La fabbrica Coca-Cola HBC Italia di Nogara estrae l’acqua necessaria alla produzione da 5 pozzi che attingono da falde acquifere profonde. Con un’intensità idrica di 1,59 litri consumati per litri di bevanda prodotta, la fabbrica di Nogara usa per le bibite 2/3 dell’acqua estratta annualmente. La restante parte, una volta depurata, viene reimmessa nel fiume Tartaro, dove torna a disposizione della comunità che, quando necessario, può utilizzarla per l’irrigazione dei campi della zona. Tutte queste attività sono svolte in piena ottempereanza alle autorizzazioni rilasciate dagli enti preposti.

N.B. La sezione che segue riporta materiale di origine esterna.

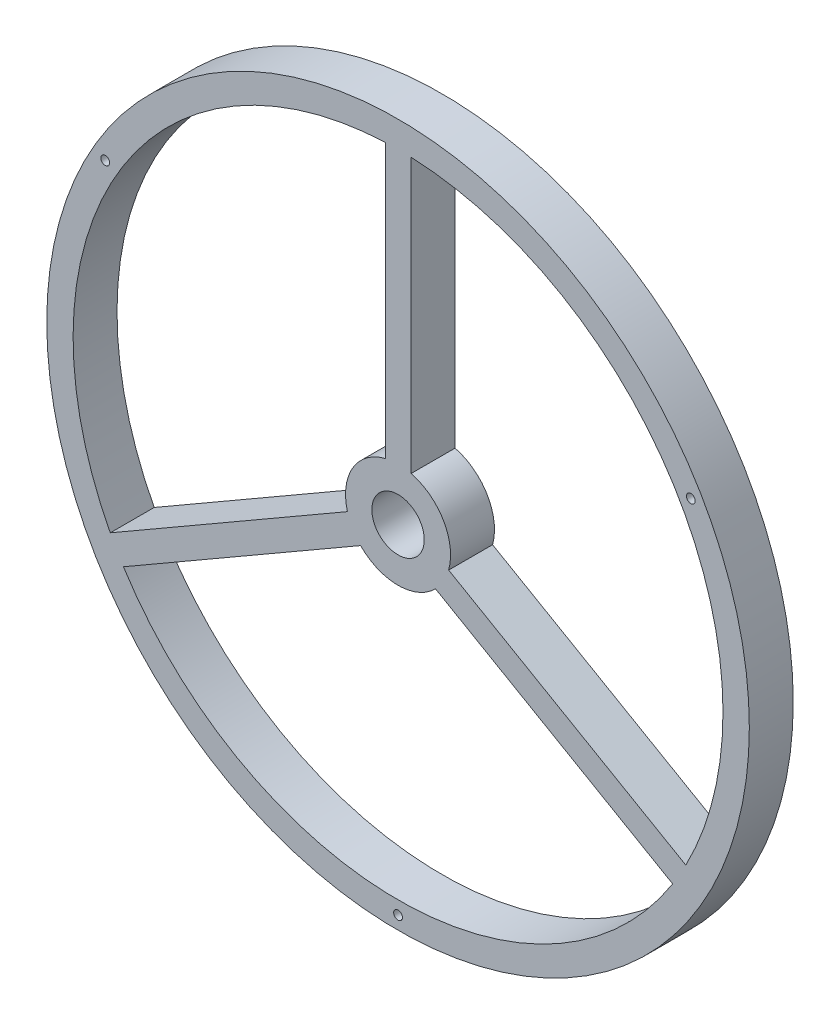
ISO-10303-21;
HEADER;
FILE_DESCRIPTION(('STEP AP214'),'2;1');
FILE_NAME('part.step','',(''),(''),'','','');
FILE_SCHEMA(('AUTOMOTIVE_DESIGN { 1 0 10303 214 1 1 1 1 }'));
ENDSEC;
DATA;
#1=APPLICATION_CONTEXT('core data for automotive mechanical design processes');
#2=APPLICATION_PROTOCOL_DEFINITION('international standard','automotive_design',2000,#1);
#3=PRODUCT_CONTEXT('',#1,'mechanical');
#4=PRODUCT('Part','Part','',(#3));
#5=PRODUCT_RELATED_PRODUCT_CATEGORY('part','',(#4));
#6=PRODUCT_DEFINITION_FORMATION('','',#4);
#7=PRODUCT_DEFINITION_CONTEXT('part definition',#1,'design');
#8=PRODUCT_DEFINITION('design','',#6,#7);
#9=PRODUCT_DEFINITION_SHAPE('','',#8);
#10=(LENGTH_UNIT() NAMED_UNIT(*) SI_UNIT(.MILLI.,.METRE.));
#11=(NAMED_UNIT(*) PLANE_ANGLE_UNIT() SI_UNIT($,.RADIAN.));
#12=(NAMED_UNIT(*) SI_UNIT($,.STERADIAN.) SOLID_ANGLE_UNIT());
#13=UNCERTAINTY_MEASURE_WITH_UNIT(LENGTH_MEASURE(1.E-05),#10,'distance_accuracy_value','');
#14=(GEOMETRIC_REPRESENTATION_CONTEXT(3) GLOBAL_UNCERTAINTY_ASSIGNED_CONTEXT((#13)) GLOBAL_UNIT_ASSIGNED_CONTEXT((#10,
#11,#12)) REPRESENTATION_CONTEXT('',''));
#15=CARTESIAN_POINT('',(0.,0.,0.));
#16=DIRECTION('',(0.,0.,1.));
#17=DIRECTION('',(1.,0.,0.));
#18=AXIS2_PLACEMENT_3D('',#15,#16,#17);
#19=CARTESIAN_POINT('',(46.8483422096142,0.,5.));
#20=DIRECTION('',(1.,0.,0.));
#21=DIRECTION('',(0.,1.,0.));
#22=AXIS2_PLACEMENT_3D('',#19,#20,#21);
#23=PLANE('',#22);
#24=DIRECTION('',(0.,-1.,0.));
#25=VECTOR('',#24,1.);
#26=CARTESIAN_POINT('',(46.8483422096142,0.,0.));
#27=LINE('',#26,#25);
#28=CARTESIAN_POINT('',(46.8483422096142,64.8965575846798,0.));
#29=VERTEX_POINT('',#28);
#30=CARTESIAN_POINT('',(46.8483422096142,33.7276182030901,0.));
#31=VERTEX_POINT('',#30);
#32=EDGE_CURVE('E188',#29,#31,#27,.T.);
#33=ORIENTED_EDGE('',*,*,#32,.T.);
#34=DIRECTION('',(0.,0.,-1.));
#35=VECTOR('',#34,1.);
#36=CARTESIAN_POINT('',(46.8483422096142,33.7276182030901,5.));
#37=LINE('',#36,#35);
#38=CARTESIAN_POINT('',(46.8483422096142,33.7276182030901,5.));
#39=VERTEX_POINT('',#38);
#40=EDGE_CURVE('E11',#39,#31,#37,.T.);
#41=ORIENTED_EDGE('',*,*,#40,.F.);
#42=DIRECTION('',(0.,-1.,0.));
#43=VECTOR('',#42,1.);
#44=CARTESIAN_POINT('',(46.8483422096142,0.,5.));
#45=LINE('',#44,#43);
#46=CARTESIAN_POINT('',(46.8483422096142,64.8965575846798,5.));
#47=VERTEX_POINT('',#46);
#48=EDGE_CURVE('E140',#47,#39,#45,.T.);
#49=ORIENTED_EDGE('',*,*,#48,.F.);
#50=DIRECTION('',(0.,0.,-1.));
#51=VECTOR('',#50,1.);
#52=CARTESIAN_POINT('',(46.8483422096142,64.8965575846798,5.));
#53=LINE('',#52,#51);
#54=EDGE_CURVE('E54',#47,#29,#53,.T.);
#55=ORIENTED_EDGE('',*,*,#54,.T.);
#56=EDGE_LOOP('',(#33,#41,#49,#55));
#57=FACE_BOUND('',#56,.T.);
#58=ADVANCED_FACE('F35',(#57),#23,.F.);
#59=CARTESIAN_POINT('',(48.2964743549606,27.9249074552953,5.));
#60=DIRECTION('',(0.,0.,-1.));
#61=DIRECTION('',(-1.,0.,0.));
#62=AXIS2_PLACEMENT_3D('',#59,#60,#61);
#63=CYLINDRICAL_SURFACE('',#62,5.98068045735259);
#64=CARTESIAN_POINT('',(48.2964743549606,27.9249074552953,0.));
#65=DIRECTION('',(0.,0.,1.));
#66=DIRECTION('',(1.,0.,0.));
#67=AXIS2_PLACEMENT_3D('',#64,#65,#66);
#68=CIRCLE('',#67,5.98068045735259);
#69=CARTESIAN_POINT('',(42.5326031909079,26.329185694724,0.));
#70=VERTEX_POINT('',#69);
#71=EDGE_CURVE('E147',#31,#70,#68,.T.);
#72=ORIENTED_EDGE('',*,*,#71,.T.);
#73=DIRECTION('',(0.,0.,-1.));
#74=VECTOR('',#73,1.);
#75=CARTESIAN_POINT('',(42.5326031909079,26.329185694724,5.));
#76=LINE('',#75,#74);
#77=CARTESIAN_POINT('',(42.5326031909079,26.329185694724,5.));
#78=VERTEX_POINT('',#77);
#79=EDGE_CURVE('E45',#78,#70,#76,.T.);
#80=ORIENTED_EDGE('',*,*,#79,.F.);
#81=CARTESIAN_POINT('',(48.2964743549606,27.9249074552953,5.));
#82=DIRECTION('',(0.,0.,1.));
#83=DIRECTION('',(1.,0.,0.));
#84=AXIS2_PLACEMENT_3D('',#81,#82,#83);
#85=CIRCLE('',#84,5.98068045735259);
#86=EDGE_CURVE('E133',#39,#78,#85,.T.);
#87=ORIENTED_EDGE('',*,*,#86,.F.);
#88=ORIENTED_EDGE('',*,*,#40,.T.);
#89=EDGE_LOOP('',(#72,#80,#87,#88));
#90=FACE_BOUND('',#89,.T.);
#91=ADVANCED_FACE('F146',(#90),#63,.T.);
#92=CARTESIAN_POINT('',(-0.767721038567435,1.32973184483834,5.));
#93=DIRECTION('',(-0.5,0.866025403784438,0.));
#94=DIRECTION('',(-0.866025403784438,-0.5,0.));
#95=AXIS2_PLACEMENT_3D('',#92,#93,#94);
#96=PLANE('',#95);
#97=DIRECTION('',(0.866025403784439,0.5,0.));
#98=VECTOR('',#97,1.);
#99=CARTESIAN_POINT('',(-0.767721038567435,1.32973184483834,0.));
#100=LINE('',#99,#98);
#101=CARTESIAN_POINT('',(15.5298770966634,10.7391545153582,0.));
#102=VERTEX_POINT('',#101);
#103=EDGE_CURVE('E190',#102,#70,#100,.T.);
#104=ORIENTED_EDGE('',*,*,#103,.F.);
#105=DIRECTION('',(0.,0.,-1.));
#106=VECTOR('',#105,1.);
#107=CARTESIAN_POINT('',(15.5298770966634,10.7391545153582,5.));
#108=LINE('',#107,#106);
#109=CARTESIAN_POINT('',(15.5298770966634,10.7391545153582,5.));
#110=VERTEX_POINT('',#109);
#111=EDGE_CURVE('E92',#110,#102,#108,.T.);
#112=ORIENTED_EDGE('',*,*,#111,.F.);
#113=DIRECTION('',(0.866025403784439,0.5,0.));
#114=VECTOR('',#113,1.);
#115=CARTESIAN_POINT('',(-0.767721038567435,1.32973184483834,5.));
#116=LINE('',#115,#114);
#117=EDGE_CURVE('E139',#110,#78,#116,.T.);
#118=ORIENTED_EDGE('',*,*,#117,.T.);
#119=ORIENTED_EDGE('',*,*,#79,.T.);
#120=EDGE_LOOP('',(#104,#112,#118,#119));
#121=FACE_BOUND('',#120,.T.);
#122=ADVANCED_FACE('F151',(#121),#96,.T.);
#123=CARTESIAN_POINT('',(44.0326031909079,23.7311094833707,0.));
#124=VERTEX_POINT('',#123);
#125=CARTESIAN_POINT('',(52.5603455190133,23.7311094833707,0.));
#126=VERTEX_POINT('',#125);
#127=EDGE_CURVE('E172',#124,#126,#68,.T.);
#128=ORIENTED_EDGE('',*,*,#127,.T.);
#129=DIRECTION('',(0.,0.,-1.));
#130=VECTOR('',#129,1.);
#131=CARTESIAN_POINT('',(52.5603455190133,23.7311094833707,5.));
#132=LINE('',#131,#130);
#133=CARTESIAN_POINT('',(52.5603455190133,23.7311094833707,5.));
#134=VERTEX_POINT('',#133);
#135=EDGE_CURVE('E199',#134,#126,#132,.T.);
#136=ORIENTED_EDGE('',*,*,#135,.F.);
#137=CARTESIAN_POINT('',(44.0326031909079,23.7311094833707,5.));
#138=VERTEX_POINT('',#137);
#139=EDGE_CURVE('E144',#138,#134,#85,.T.);
#140=ORIENTED_EDGE('',*,*,#139,.F.);
#141=DIRECTION('',(0.,0.,-1.));
#142=VECTOR('',#141,1.);
#143=CARTESIAN_POINT('',(44.0326031909079,23.7311094833707,5.));
#144=LINE('',#143,#142);
#145=EDGE_CURVE('E201',#138,#124,#144,.T.);
#146=ORIENTED_EDGE('',*,*,#145,.T.);
#147=EDGE_LOOP('',(#128,#136,#140,#146));
#148=FACE_BOUND('',#147,.T.);
#149=ADVANCED_FACE('F303',(#148),#63,.T.);
#150=CARTESIAN_POINT('',(23.4159582160477,40.5576293381045,5.));
#151=DIRECTION('',(0.5,0.866025403784439,0.));
#152=DIRECTION('',(-0.866025403784439,0.5,0.));
#153=AXIS2_PLACEMENT_3D('',#150,#151,#152);
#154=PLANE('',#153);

Lo stabilimento di Nogara è inoltre conforme ai requisiti Alliance for Water Stewardship (AWS) che attesta la gestione responsabile della risorsa idrica. La fabbrica veronese di Coca-Cola HBC Italia ha promosso nel tempo altre iniziative di sostenibilità ambientale dedicate al territorio in collaborazione con realtà locali. Tra queste, la collaborazione con la Cooperativa locale Cà Magre per il recupero e il risanamento della “Palude di Pellegrina” e il progetto Boscàja sviluppato con il Comitato Mag per la creazione di un bosco permanente a beneficio della biodiversità e della comunità locale.
Le iniziative di sostenibilità ambientale, economica e sociale realizzate da Coca-Cola HBC Italia sono rendicontate nel ventesimo rapporto di sostenibilità, “Celebriamo insieme il mondo di domani”, pubblicato a giugno 2024 e disponibile su www.lanostraricetta.it.